Q: How long must technical documentation be? The AI Act does not set a page count. The documentation must be complete — covering every Annex IV element — but it can be as concise or detailed as necessary to accurately describe the system. A simple automated decision-support tool may require 30 pages; a complex multi-modal system may require hundreds. Substance over volume.

Q: Can technical documentation reference other documents? Yes. Technical documentation can reference other documents (test reports, third-party assessments, dataset documentation) rather than reproducing all content inline. Ensure that all referenced documents are available to provide to authorities on request and are identified with sufficient precision (document name, version, date).

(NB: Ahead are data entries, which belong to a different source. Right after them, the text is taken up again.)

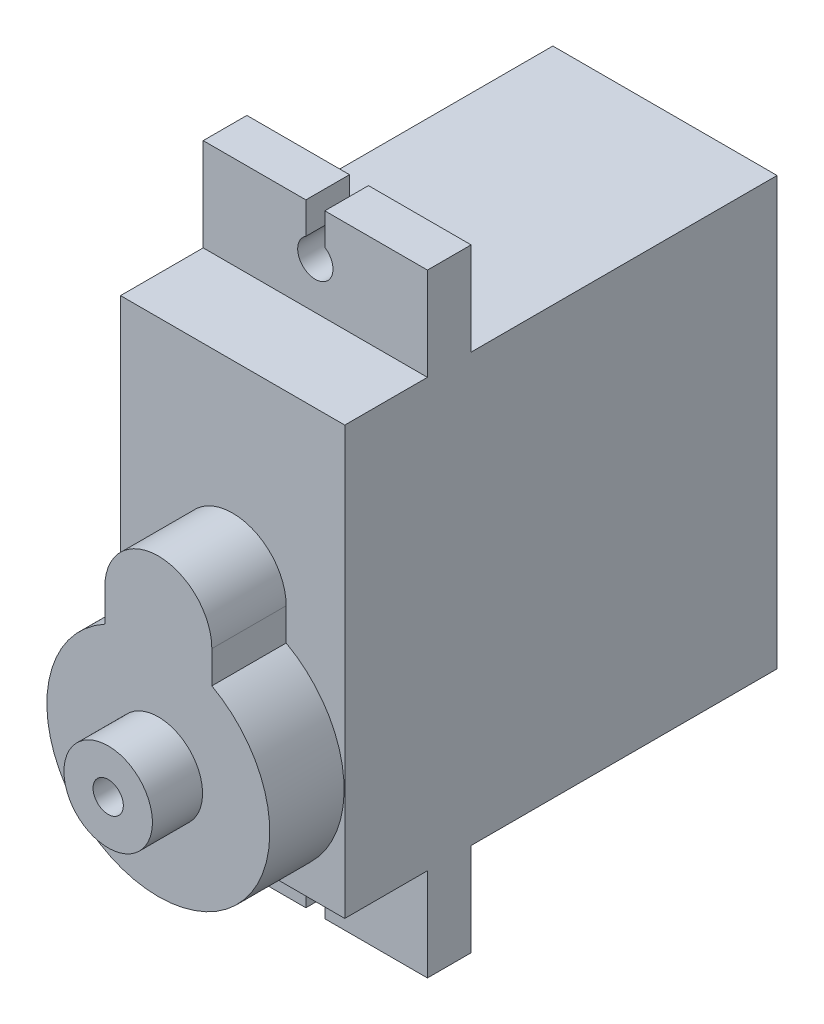
ISO-10303-21;
HEADER;
FILE_DESCRIPTION(('STEP AP214'),'2;1');
FILE_NAME('part.step','',(''),(''),'','','');
FILE_SCHEMA(('AUTOMOTIVE_DESIGN { 1 0 10303 214 1 1 1 1 }'));
ENDSEC;
DATA;
#1=APPLICATION_CONTEXT('core data for automotive mechanical design processes');
#2=APPLICATION_PROTOCOL_DEFINITION('international standard','automotive_design',2000,#1);
#3=PRODUCT_CONTEXT('',#1,'mechanical');
#4=PRODUCT('Part','Part','',(#3));
#5=PRODUCT_RELATED_PRODUCT_CATEGORY('part','',(#4));
#6=PRODUCT_DEFINITION_FORMATION('','',#4);
#7=PRODUCT_DEFINITION_CONTEXT('part definition',#1,'design');
#8=PRODUCT_DEFINITION('design','',#6,#7);
#9=PRODUCT_DEFINITION_SHAPE('','',#8);
#10=(LENGTH_UNIT() NAMED_UNIT(*) SI_UNIT(.MILLI.,.METRE.));
#11=(NAMED_UNIT(*) PLANE_ANGLE_UNIT() SI_UNIT($,.RADIAN.));
#12=(NAMED_UNIT(*) SI_UNIT($,.STERADIAN.) SOLID_ANGLE_UNIT());
#13=UNCERTAINTY_MEASURE_WITH_UNIT(LENGTH_MEASURE(1.E-05),#10,'distance_accuracy_value','');
#14=(GEOMETRIC_REPRESENTATION_CONTEXT(3) GLOBAL_UNCERTAINTY_ASSIGNED_CONTEXT((#13)) GLOBAL_UNIT_ASSIGNED_CONTEXT((#10,
#11,#12)) REPRESENTATION_CONTEXT('',''));
#15=CARTESIAN_POINT('',(0.,0.,0.));
#16=DIRECTION('',(0.,0.,1.));
#17=DIRECTION('',(1.,0.,0.));
#18=AXIS2_PLACEMENT_3D('',#15,#16,#17);
#19=CARTESIAN_POINT('',(6.035,6.,4.));
#20=DIRECTION('',(0.,0.,1.));
#21=DIRECTION('',(1.,0.,0.));
#22=AXIS2_PLACEMENT_3D('',#19,#20,#21);
#23=PLANE('',#22);
#24=CARTESIAN_POINT('',(6.035,6.,4.));
#25=DIRECTION('',(0.,0.,1.));
#26=DIRECTION('',(1.,0.,0.));
#27=AXIS2_PLACEMENT_3D('',#24,#25,#26);
#28=CIRCLE('',#27,6.);
#29=CARTESIAN_POINT('',(3.155,11.2636109278707,4.));
#30=VERTEX_POINT('',#29);
#31=CARTESIAN_POINT('',(8.915,11.2636109278707,4.));
#32=VERTEX_POINT('',#31);
#33=EDGE_CURVE('E274',#30,#32,#28,.T.);
#34=ORIENTED_EDGE('',*,*,#33,.T.);
#35=DIRECTION('',(0.,1.,0.));
#36=VECTOR('',#35,1.);
#37=CARTESIAN_POINT('',(8.915,11.2636109278707,4.));
#38=LINE('',#37,#36);
#39=CARTESIAN_POINT('',(8.915,13.,4.));
#40=VERTEX_POINT('',#39);
#41=EDGE_CURVE('E256',#32,#40,#38,.T.);
#42=ORIENTED_EDGE('',*,*,#41,.T.);
#43=CARTESIAN_POINT('',(6.035,13.,4.));
#44=DIRECTION('',(0.,0.,1.));
#45=DIRECTION('',(1.,0.,0.));
#46=AXIS2_PLACEMENT_3D('',#43,#44,#45);
#47=CIRCLE('',#46,2.88);
#48=CARTESIAN_POINT('',(3.155,13.,4.));
#49=VERTEX_POINT('',#48);
#50=EDGE_CURVE('E249',#40,#49,#47,.T.);
#51=ORIENTED_EDGE('',*,*,#50,.T.);
#52=DIRECTION('',(0.,-1.,0.));
#53=VECTOR('',#52,1.);
#54=CARTESIAN_POINT('',(3.155,13.,4.));
#55=LINE('',#54,#53);
#56=EDGE_CURVE('E252',#49,#30,#55,.T.);
#57=ORIENTED_EDGE('',*,*,#56,.T.);
#58=EDGE_LOOP('',(#34,#42,#51,#57));
#59=FACE_BOUND('',#58,.T.);
#60=CARTESIAN_POINT('',(6.035,6.,4.));
#61=DIRECTION('',(0.,0.,1.));
#62=DIRECTION('',(1.,0.,0.));
#63=AXIS2_PLACEMENT_3D('',#60,#61,#62);
#64=CIRCLE('',#63,2.38);
#65=CARTESIAN_POINT('',(3.655,6.,4.));
#66=VERTEX_POINT('',#65);
#67=EDGE_CURVE('E772',#66,#66,#64,.T.);
#68=ORIENTED_EDGE('',*,*,#67,.F.);
#69=EDGE_LOOP('',(#68));
#70=FACE_BOUND('',#69,.T.);
#71=ADVANCED_FACE('F36',(#59,#70),#23,.T.);
#72=CARTESIAN_POINT('',(0.,-5.,-4.45));
#73=DIRECTION('',(0.,1.,0.));
#74=DIRECTION('',(0.,0.,1.));
#75=AXIS2_PLACEMENT_3D('',#72,#73,#74);
#76=PLANE('',#75);
#77=DIRECTION('',(1.,0.,0.));
#78=VECTOR('',#77,1.);
#79=CARTESIAN_POINT('',(12.07,-5.,-6.8));
#80=LINE('',#79,#78);
#81=CARTESIAN_POINT('',(0.,-5.,-6.8));
#82=VERTEX_POINT('',#81);
#83=CARTESIAN_POINT('',(5.525,-5.,-6.8));
#84=VERTEX_POINT('',#83);
#85=EDGE_CURVE('E378',#82,#84,#80,.T.);
#86=ORIENTED_EDGE('',*,*,#85,.T.);
#87=DIRECTION('',(0.,0.,1.));
#88=VECTOR('',#87,1.);
#89=CARTESIAN_POINT('',(5.525,-5.,-23.270025));
#90=LINE('',#89,#88);
#91=CARTESIAN_POINT('',(5.52500000000001,-5.,-4.45000000000001));
#92=VERTEX_POINT('',#91);
#93=EDGE_CURVE('E205',#84,#92,#90,.T.);
#94=ORIENTED_EDGE('',*,*,#93,.T.);
#95=DIRECTION('',(-1.,0.,0.));
#96=VECTOR('',#95,1.);
#97=CARTESIAN_POINT('',(0.,-5.,-4.45));
#98=LINE('',#97,#96);
#99=CARTESIAN_POINT('',(0.,-5.,-4.45));
#100=VERTEX_POINT('',#99);
#101=EDGE_CURVE('E225',#92,#100,#98,.T.);
#102=ORIENTED_EDGE('',*,*,#101,.T.);
#103=DIRECTION('',(0.,0.,-1.));
#104=VECTOR('',#103,1.);
#105=CARTESIAN_POINT('',(0.,-5.,-6.8));
#106=LINE('',#105,#104);
#107=EDGE_CURVE('E239',#100,#82,#106,.T.);
#108=ORIENTED_EDGE('',*,*,#107,.T.);
#109=EDGE_LOOP('',(#86,#94,#102,#108));
#110=FACE_BOUND('',#109,.T.);
#111=ADVANCED_FACE('F392',(#110),#76,.F.);
#112=CARTESIAN_POINT('',(0.,28.,-6.8));
#113=DIRECTION('',(0.,-1.,0.));
#114=DIRECTION('',(0.,0.,-1.));
#115=AXIS2_PLACEMENT_3D('',#112,#113,#114);
#116=PLANE('',#115);
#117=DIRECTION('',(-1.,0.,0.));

Q: Is the technical documentation the same as the instructions for use? No. The technical documentation is an internal compliance document produced by and held by the provider. The instructions for use (Article 13) are a document provided to deployers describing how to use the system. Both are required, and both are distinct.


Key Takeaways

  • Annex IV of the EU AI Act specifies seven sections of required content for technical documentation, covering system description, development process, monitoring, conformity assessment, and instructions for use.
  • The most common gaps are: overly generic descriptions, missing disaggregated performance data, no failure mode analysis, and outdated documentation.
  • Technical documentation must be maintained and updated throughout the system lifecycle and retained for 10 years.
  • It is the primary document that regulators and notified bodies will review first — invest in quality from the start.